▸ **What is required**
Using the listing below, set down exactly the lines starting at the line that contains "#29=VERTEX_POINT('',#28);" and ending at the line that contains "#62=DIRECTION('',(1.,0.,0.));", both included, and no others.

▸ **Records shown**
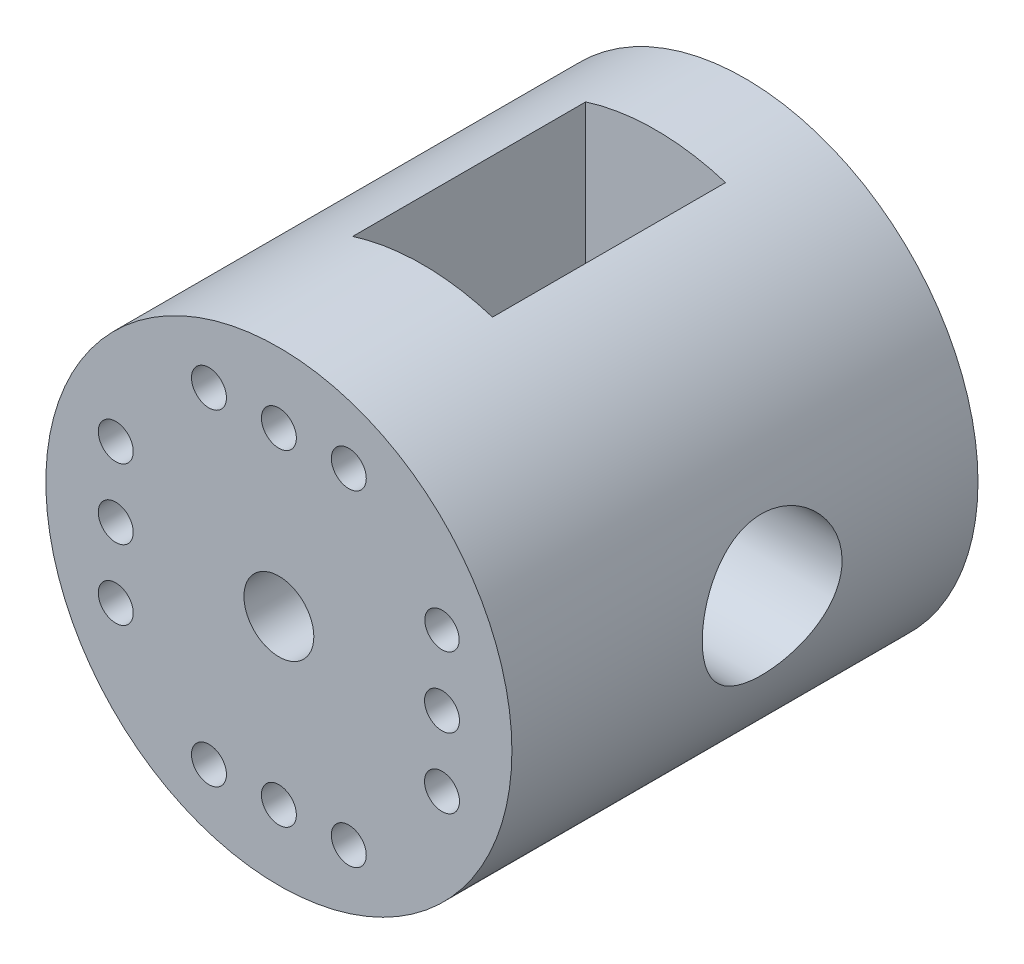
ISO-10303-21;
HEADER;
FILE_DESCRIPTION(('STEP AP214'),'2;1');
FILE_NAME('part.step','',(''),(''),'','','');
FILE_SCHEMA(('AUTOMOTIVE_DESIGN { 1 0 10303 214 1 1 1 1 }'));
ENDSEC;
DATA;
#1=APPLICATION_CONTEXT('core data for automotive mechanical design processes');
#2=APPLICATION_PROTOCOL_DEFINITION('international standard','automotive_design',2000,#1);
#3=PRODUCT_CONTEXT('',#1,'mechanical');
#4=PRODUCT('Part','Part','',(#3));
#5=PRODUCT_RELATED_PRODUCT_CATEGORY('part','',(#4));
#6=PRODUCT_DEFINITION_FORMATION('','',#4);
#7=PRODUCT_DEFINITION_CONTEXT('part definition',#1,'design');
#8=PRODUCT_DEFINITION('design','',#6,#7);
#9=PRODUCT_DEFINITION_SHAPE('','',#8);
#10=(LENGTH_UNIT() NAMED_UNIT(*) SI_UNIT(.MILLI.,.METRE.));
#11=(NAMED_UNIT(*) PLANE_ANGLE_UNIT() SI_UNIT($,.RADIAN.));
#12=(NAMED_UNIT(*) SI_UNIT($,.STERADIAN.) SOLID_ANGLE_UNIT());
#13=UNCERTAINTY_MEASURE_WITH_UNIT(LENGTH_MEASURE(1.E-05),#10,'distance_accuracy_value','');
#14=(GEOMETRIC_REPRESENTATION_CONTEXT(3) GLOBAL_UNCERTAINTY_ASSIGNED_CONTEXT((#13)) GLOBAL_UNIT_ASSIGNED_CONTEXT((#10,
#11,#12)) REPRESENTATION_CONTEXT('',''));
#15=CARTESIAN_POINT('',(0.,0.,0.));
#16=DIRECTION('',(0.,0.,1.));
#17=DIRECTION('',(1.,0.,0.));
#18=AXIS2_PLACEMENT_3D('',#15,#16,#17);
#19=CARTESIAN_POINT('',(0.,0.,5.));
#20=DIRECTION('',(0.,0.,-1.));
#21=DIRECTION('',(-1.,0.,0.));
#22=AXIS2_PLACEMENT_3D('',#19,#20,#21);
#23=CYLINDRICAL_SURFACE('',#22,9.99999999999998);
#24=DIRECTION('',(0.,0.,-1.));
#25=VECTOR('',#24,1.);
#26=CARTESIAN_POINT('',(3.,-9.53939201416944,5.));
#27=LINE('',#26,#25);
#28=CARTESIAN_POINT('',(3.,-9.53939201416944,-11.1674764110924));
#29=VERTEX_POINT('',#28);
#30=CARTESIAN_POINT('',(3.,-9.53939201416944,-1.16747641109243));
#31=VERTEX_POINT('',#30);
#32=EDGE_CURVE('E101',#29,#31,#27,.F.);
#33=ORIENTED_EDGE('',*,*,#32,.F.);
#34=CARTESIAN_POINT('',(0.,0.,-11.1674764110924));
#35=DIRECTION('',(0.,0.,1.));
#36=DIRECTION('',(1.,0.,0.));
#37=AXIS2_PLACEMENT_3D('',#34,#35,#36);
#38=CIRCLE('',#37,9.99999999999998);
#39=CARTESIAN_POINT('',(-3.,-9.53939201416944,-11.1674764110924));
#40=VERTEX_POINT('',#39);
#41=EDGE_CURVE('E99',#40,#29,#38,.T.);
#42=ORIENTED_EDGE('',*,*,#41,.F.);
#43=DIRECTION('',(0.,0.,-1.));
#44=VECTOR('',#43,1.);
#45=CARTESIAN_POINT('',(-3.,-9.53939201416944,5.));
#46=LINE('',#45,#44);
#47=CARTESIAN_POINT('',(-3.,-9.53939201416944,-1.16747641109243));
#48=VERTEX_POINT('',#47);
#49=EDGE_CURVE('E84',#48,#40,#46,.T.);
#50=ORIENTED_EDGE('',*,*,#49,.F.);
#51=CARTESIAN_POINT('',(0.,0.,-1.16747641109243));
#52=DIRECTION('',(0.,0.,-1.));
#53=DIRECTION('',(-1.,0.,0.));
#54=AXIS2_PLACEMENT_3D('',#51,#52,#53);
#55=CIRCLE('',#54,9.99999999999998);
#56=EDGE_CURVE('E79',#31,#48,#55,.T.);
#57=ORIENTED_EDGE('',*,*,#56,.F.);
#58=EDGE_LOOP('',(#33,#42,#50,#57));
#59=FACE_BOUND('',#58,.T.);
#60=CARTESIAN_POINT('',(0.,0.,5.));
#61=DIRECTION('',(0.,0.,1.));
#62=DIRECTION('',(1.,0.,0.));
#63=AXIS2_PLACEMENT_3D('',#60,#61,#62);
#64=CIRCLE('',#63,9.99999999999998);
#65=CARTESIAN_POINT('',(9.99999999999998,0.,5.));
#66=VERTEX_POINT('',#65);
#67=EDGE_CURVE('E85',#66,#66,#64,.T.);
#68=ORIENTED_EDGE('',*,*,#67,.F.);
#69=EDGE_LOOP('',(#68));
#70=FACE_BOUND('',#69,.T.);
#71=CARTESIAN_POINT('',(0.,0.,-15.));
#72=DIRECTION('',(0.,0.,1.));
#73=DIRECTION('',(1.,0.,0.));
#74=AXIS2_PLACEMENT_3D('',#71,#72,#73);
#75=CIRCLE('',#74,9.99999999999998);
#76=CARTESIAN_POINT('',(9.99999999999998,0.,-15.));
#77=VERTEX_POINT('',#76);
#78=EDGE_CURVE('E120',#77,#77,#75,.T.);
#79=ORIENTED_EDGE('',*,*,#78,.T.);
#80=EDGE_LOOP('',(#79));
#81=FACE_BOUND('',#80,.T.);
#82=DIRECTION('',(0.,0.,-1.));
#83=VECTOR('',#82,1.);
#84=CARTESIAN_POINT('',(3.,9.53939201416944,5.));
#85=LINE('',#84,#83);
#86=CARTESIAN_POINT('',(3.,9.53939201416944,-1.16747641109243));
#87=VERTEX_POINT('',#86);
#88=CARTESIAN_POINT('',(3.,9.53939201416944,-11.1674764110924));
#89=VERTEX_POINT('',#88);
#90=EDGE_CURVE('E11',#87,#89,#85,.T.);
#91=ORIENTED_EDGE('',*,*,#90,.F.);
#92=CARTESIAN_POINT('',(-3.,9.53939201416944,-1.16747641109243));
#93=VERTEX_POINT('',#92);
#94=EDGE_CURVE('E87',#93,#87,#55,.T.);
#95=ORIENTED_EDGE('',*,*,#94,.F.);
#96=DIRECTION('',(0.,0.,-1.));
#97=VECTOR('',#96,1.);
#98=CARTESIAN_POINT('',(-3.,9.53939201416944,5.));
#99=LINE('',#98,#97);
#100=CARTESIAN_POINT('',(-3.,9.53939201416944,-11.1674764110924));
#101=VERTEX_POINT('',#100);
#102=EDGE_CURVE('E93',#101,#93,#99,.F.);
#103=ORIENTED_EDGE('',*,*,#102,.F.);
#104=EDGE_CURVE('E50',#89,#101,#38,.T.);
#105=ORIENTED_EDGE('',*,*,#104,.F.);
#106=EDGE_LOOP('',(#91,#95,#103,#105));
#107=FACE_BOUND('',#106,.T.);
#108=CARTESIAN_POINT('',(9.99999999999998,0.,-3.16747641109243));
#109=CARTESIAN_POINT('',(9.99999858501099,-0.1645772255066,-3.1674784060622));
#110=CARTESIAN_POINT('',(9.99589831387906,-0.329174636703059,-3.18106413834036));
#111=CARTESIAN_POINT('',(9.9799421118738,-0.653576250609762,-3.23491911953663));
#112=CARTESIAN_POINT('',(9.96808386779382,-0.81337900882284,-3.27519632713911));
#113=CARTESIAN_POINT('',(9.93791105003671,-1.12346541550905,-3.38096844491295));
#114=CARTESIAN_POINT('',(9.91960600500849,-1.27376272879075,-3.4464261503303));
#115=CARTESIAN_POINT('',(9.87844218475289,-1.56124836210626,-3.6005485972041));
#116=CARTESIAN_POINT('',(9.85558280384132,-1.69843493493934,-3.68921642588326));
#117=CARTESIAN_POINT('',(9.80701474385546,-1.95974359436749,-3.88992442603776));
#118=CARTESIAN_POINT('',(9.78124767314071,-2.08343614248868,-4.00250966286425));
#119=CARTESIAN_POINT('',(9.73011668420883,-2.31049841846647,-4.24669487091279));
#120=CARTESIAN_POINT('',(9.70475283449001,-2.41386472654882,-4.37829803534235));
#121=CARTESIAN_POINT('',(9.65668227987542,-2.59960075447415,-4.66041791716765));
#122=CARTESIAN_POINT('',(9.63404813327747,-2.68144618044427,-4.8112933330739));
#123=CARTESIAN_POINT('',(9.5948724078806,-2.81842789549521,-5.12545491955301));
#124=CARTESIAN_POINT('',(9.57832936626619,-2.87357059839947,-5.28873809894838));
#125=CARTESIAN_POINT('',(9.55381741676867,-2.95403267365303,-5.61825694335335));
#126=CARTESIAN_POINT('',(9.54562138649065,-2.98014392469355,-5.78428189882031));
#127=CARTESIAN_POINT('',(9.53805579499532,-3.00427461229344,-6.11854272352596));
#128=CARTESIAN_POINT('',(9.5386840952114,-3.00230085522157,-6.2867780472106));
#129=CARTESIAN_POINT('',(9.54849488135554,-2.97093954399623,-6.61424422830939));
#130=CARTESIAN_POINT('',(9.55736777198279,-2.9425441052537,-6.7735809118169));
#131=CARTESIAN_POINT('',(9.58216712457247,-2.86074840854112,-7.08511598363935));
#132=CARTESIAN_POINT('',(9.59809428264699,-2.80734568283282,-7.23731366584109));
#133=CARTESIAN_POINT('',(9.63545466149944,-2.67632053307363,-7.53267711041391));
#134=CARTESIAN_POINT('',(9.65696032231902,-2.59837633869285,-7.67569057900295));
#135=CARTESIAN_POINT('',(9.70301974000127,-2.42070445177367,-7.94694045511281));
#136=CARTESIAN_POINT('',(9.7275742349398,-2.32097148005177,-8.07517326991998));
#137=CARTESIAN_POINT('',(9.77822022595873,-2.09762581531093,-8.31884879261647));
#138=CARTESIAN_POINT('',(9.80433308620994,-1.97318981493394,-8.43353373915177));
#139=CARTESIAN_POINT('',(9.85424488126515,-1.70652651862793,-8.64058437922093));
#140=CARTESIAN_POINT('',(9.87804367036818,-1.56429810372178,-8.73294866792128));
#141=CARTESIAN_POINT('',(9.92086320138939,-1.26471007668561,-8.89319625602189));
#142=CARTESIAN_POINT('',(9.93985087336626,-1.1072554994959,-8.96091144359215));
#143=CARTESIAN_POINT('',(9.97067043664442,-0.782490831207039,-9.06867559129169));
#144=CARTESIAN_POINT('',(9.98250432373997,-0.615183503179163,-9.10873226815741));
#145=CARTESIAN_POINT('',(9.99736729287075,-0.281904485336664,-9.15878076689122));
#146=CARTESIAN_POINT('',(10.0006970083558,-0.116100195202374,-9.16979958269565));
#147=CARTESIAN_POINT('',(9.99905846483518,0.214999211646766,-9.16433809966827));
#148=CARTESIAN_POINT('',(9.99409131355512,0.380294393381561,-9.14786147178954));
#149=CARTESIAN_POINT('',(9.97661393974323,0.701807210619394,-9.08870718886944));
#150=CARTESIAN_POINT('',(9.96427659598827,0.858145545228338,-9.04662963593069));
#151=CARTESIAN_POINT('',(9.93348695683068,1.16150927790904,-8.93818994553603));
#152=CARTESIAN_POINT('',(9.91503392642186,1.30853355405117,-8.87182488901671));
#153=CARTESIAN_POINT('',(9.87339308702629,1.5928743789221,-8.71497008013016));
#154=CARTESIAN_POINT('',(9.85010561659278,1.72988765239934,-8.62395772919647));
#155=CARTESIAN_POINT('',(9.80146937528703,1.9870466159603,-8.42102690298682));
#156=CARTESIAN_POINT('',(9.77612008862418,2.10718806471188,-8.30910318731713));
#157=CARTESIAN_POINT('',(9.72506343738005,2.33171489102052,-8.06270179435369));
#158=CARTESIAN_POINT('',(9.69937650065511,2.43536962463001,-7.92755265954877));
#159=CARTESIAN_POINT('',(9.65153030477947,2.61857990144313,-7.64122053306554));
#160=CARTESIAN_POINT('',(9.62937095313119,2.69813607658965,-7.49003796197667));
#161=CARTESIAN_POINT('',(9.59134379226308,2.83034694254316,-7.17641142858238));
#162=CARTESIAN_POINT('',(9.57544675673499,2.88312693874021,-7.01402403801676));
#163=CARTESIAN_POINT('',(9.55183188739735,2.96043461630306,-6.68210047323195));
#164=CARTESIAN_POINT('',(9.54411125069385,2.98497197957849,-6.51256676952635));
#165=CARTESIAN_POINT('',(9.53799944941557,3.0044396896993,-6.17875337431558));
#166=CARTESIAN_POINT('',(9.53923294700393,3.00056110615887,-6.01454910899358));
#167=CARTESIAN_POINT('',(9.54998802392187,2.9661501088861,-5.68924820429119));
#168=CARTESIAN_POINT('',(9.559509271359,2.93561876249408,-5.5281514407314));
#169=CARTESIAN_POINT('',(9.58551527389241,2.84953777608686,-5.21558561282908));
#170=CARTESIAN_POINT('',(9.60191209104932,2.79430351014248,-5.06402183637504));
#171=CARTESIAN_POINT('',(9.63980557805264,2.66063014242147,-4.77219153345098));
#172=CARTESIAN_POINT('',(9.66130322385079,2.58218659925722,-4.63192717580928));
#173=CARTESIAN_POINT('',(9.70795352855336,2.40097527610175,-4.3611501780399));
#174=CARTESIAN_POINT('',(9.73321080328578,2.29742552185996,-4.23117888857206));
#175=CARTESIAN_POINT('',(9.78402640899065,2.07034869259555,-3.99007141447625));
#176=CARTESIAN_POINT('',(9.80958481647541,1.94681643426898,-3.87894013215679));
#177=CARTESIAN_POINT('',(9.85901873141571,1.67893152436652,-3.67542958650249));
#178=CARTESIAN_POINT('',(9.8828231953142,1.53407577158122,-3.58369351738148));
#179=CARTESIAN_POINT('',(9.92521360911551,1.23028274796705,-3.42600607128434));
#180=CARTESIAN_POINT('',(9.94380199862113,1.07135210599791,-3.3600426345434));
#181=CARTESIAN_POINT('',(9.97204349938617,0.761515425310564,-3.26168585978693));
#182=CARTESIAN_POINT('',(9.98244054762138,0.611573923908468,-3.22645306532593));
#183=CARTESIAN_POINT('',(9.99641888988978,0.307760390461558,-3.17934936060927));
#184=CARTESIAN_POINT('',(10.0000013230948,0.153889019716279,-3.16747454568279));
#185=CARTESIAN_POINT('',(9.99999999999998,0.,-3.16747641109243));
#186=B_SPLINE_CURVE_WITH_KNOTS('',3,(#108,#109,#110,#111,#112,#113,#114,#115,#116,#117,#118,
#119,#120,#121,#122,#123,#124,#125,#126,#127,#128,#129,#130,#131,#132,#133,#134,#135,#136,#137,
#138,#139,#140,#141,#142,#143,#144,#145,#146,#147,#148,#149,#150,#151,#152,#153,#154,#155,#156,
#157,#158,#159,#160,#161,#162,#163,#164,#165,#166,#167,#168,#169,#170,#171,#172,#173,#174,#175,
#176,#177,#178,#179,#180,#181,#182,#183,#184,#185),.UNSPECIFIED.,.T.,.F.,(4,2,2,2,2,2,2,2,2,2,2,
2,2,2,2,2,2,2,2,2,2,2,2,2,2,2,2,2,2,2,2,2,2,2,2,2,2,2,4),(0.,0.493166407225221,
0.986479929691999,1.47906735260175,1.9717203288254,2.47711205896383,2.98258874577266,
3.49942962008218,4.01614629086447,4.51839378713198,5.02051956638179,5.50452033395352,
5.98856887316002,6.47924852894239,6.97004720317111,7.48134208096333,7.99266913062143,
8.50742093763377,9.02202907057615,9.5181761887709,10.0142570710065,10.4991349336465,
10.9840710918746,11.4802261140582,11.9765056400038,12.4908080064564,13.0050968850536,
13.516956299025,14.0286401892057,14.5190031093854,15.0093463933232,15.4936008081456,
15.9779479511534,16.4799385136898,16.9820594980412,17.4988599232246,18.0154182319959,
18.4766338387004,18.9377723390687),.UNSPECIFIED.);
#187=CARTESIAN_POINT('',(9.99999999999998,0.,-3.16747641109243));
#188=VERTEX_POINT('',#187);
#189=EDGE_CURVE('E577',#188,#188,#186,.T.);
#190=ORIENTED_EDGE('',*,*,#189,.F.);
#191=EDGE_LOOP('',(#190));
#192=FACE_BOUND('',#191,.T.);
#193=CARTESIAN_POINT('',(-9.99999999999998,0.,-3.16747641109243));
#194=CARTESIAN_POINT('',(-9.99999858501099,0.1645772255066,-3.1674784060622));
#195=CARTESIAN_POINT('',(-9.99589831387906,0.329174636703059,-3.18106413834036));
#196=CARTESIAN_POINT('',(-9.9799421118738,0.653576250609762,-3.23491911953663));
#197=CARTESIAN_POINT('',(-9.96808386779382,0.81337900882284,-3.27519632713911));
#198=CARTESIAN_POINT('',(-9.93791105003671,1.12346541550905,-3.38096844491295));
#199=CARTESIAN_POINT('',(-9.91960600500849,1.27376272879075,-3.4464261503303));
#200=CARTESIAN_POINT('',(-9.87844218475289,1.56124836210626,-3.6005485972041));
#201=CARTESIAN_POINT('',(-9.85558280384132,1.69843493493934,-3.68921642588326));
#202=CARTESIAN_POINT('',(-9.80701474385546,1.95974359436749,-3.88992442603776));
#203=CARTESIAN_POINT('',(-9.78124767314071,2.08343614248868,-4.00250966286425));
#204=CARTESIAN_POINT('',(-9.73011668420883,2.31049841846647,-4.24669487091279));
#205=CARTESIAN_POINT('',(-9.70475283449001,2.41386472654882,-4.37829803534235));
#206=CARTESIAN_POINT('',(-9.65668227987542,2.59960075447415,-4.66041791716765));
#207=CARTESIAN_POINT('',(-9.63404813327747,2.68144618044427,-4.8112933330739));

▸ **Exercise answer**
#29=VERTEX_POINT('',#28);
#30=CARTESIAN_POINT('',(3.,-9.53939201416944,-1.16747641109243));
#31=VERTEX_POINT('',#30);
#32=EDGE_CURVE('E101',#29,#31,#27,.F.);
#33=ORIENTED_EDGE('',*,*,#32,.F.);
#34=CARTESIAN_POINT('',(0.,0.,-11.1674764110924));
#35=DIRECTION('',(0.,0.,1.));
#36=DIRECTION('',(1.,0.,0.));
#37=AXIS2_PLACEMENT_3D('',#34,#35,#36);
#38=CIRCLE('',#37,9.99999999999998);
#39=CARTESIAN_POINT('',(-3.,-9.53939201416944,-11.1674764110924));
#40=VERTEX_POINT('',#39);
#41=EDGE_CURVE('E99',#40,#29,#38,.T.);
#42=ORIENTED_EDGE('',*,*,#41,.F.);
#43=DIRECTION('',(0.,0.,-1.));
#44=VECTOR('',#43,1.);
#45=CARTESIAN_POINT('',(-3.,-9.53939201416944,5.));
#46=LINE('',#45,#44);
#47=CARTESIAN_POINT('',(-3.,-9.53939201416944,-1.16747641109243));
#48=VERTEX_POINT('',#47);
#49=EDGE_CURVE('E84',#48,#40,#46,.T.);
#50=ORIENTED_EDGE('',*,*,#49,.F.);
#51=CARTESIAN_POINT('',(0.,0.,-1.16747641109243));
#52=DIRECTION('',(0.,0.,-1.));
#53=DIRECTION('',(-1.,0.,0.));
#54=AXIS2_PLACEMENT_3D('',#51,#52,#53);
#55=CIRCLE('',#54,9.99999999999998);
#56=EDGE_CURVE('E79',#31,#48,#55,.T.);
#57=ORIENTED_EDGE('',*,*,#56,.F.);
#58=EDGE_LOOP('',(#33,#42,#50,#57));
#59=FACE_BOUND('',#58,.T.);
#60=CARTESIAN_POINT('',(0.,0.,5.));
#61=DIRECTION('',(0.,0.,1.));
#62=DIRECTION('',(1.,0.,0.));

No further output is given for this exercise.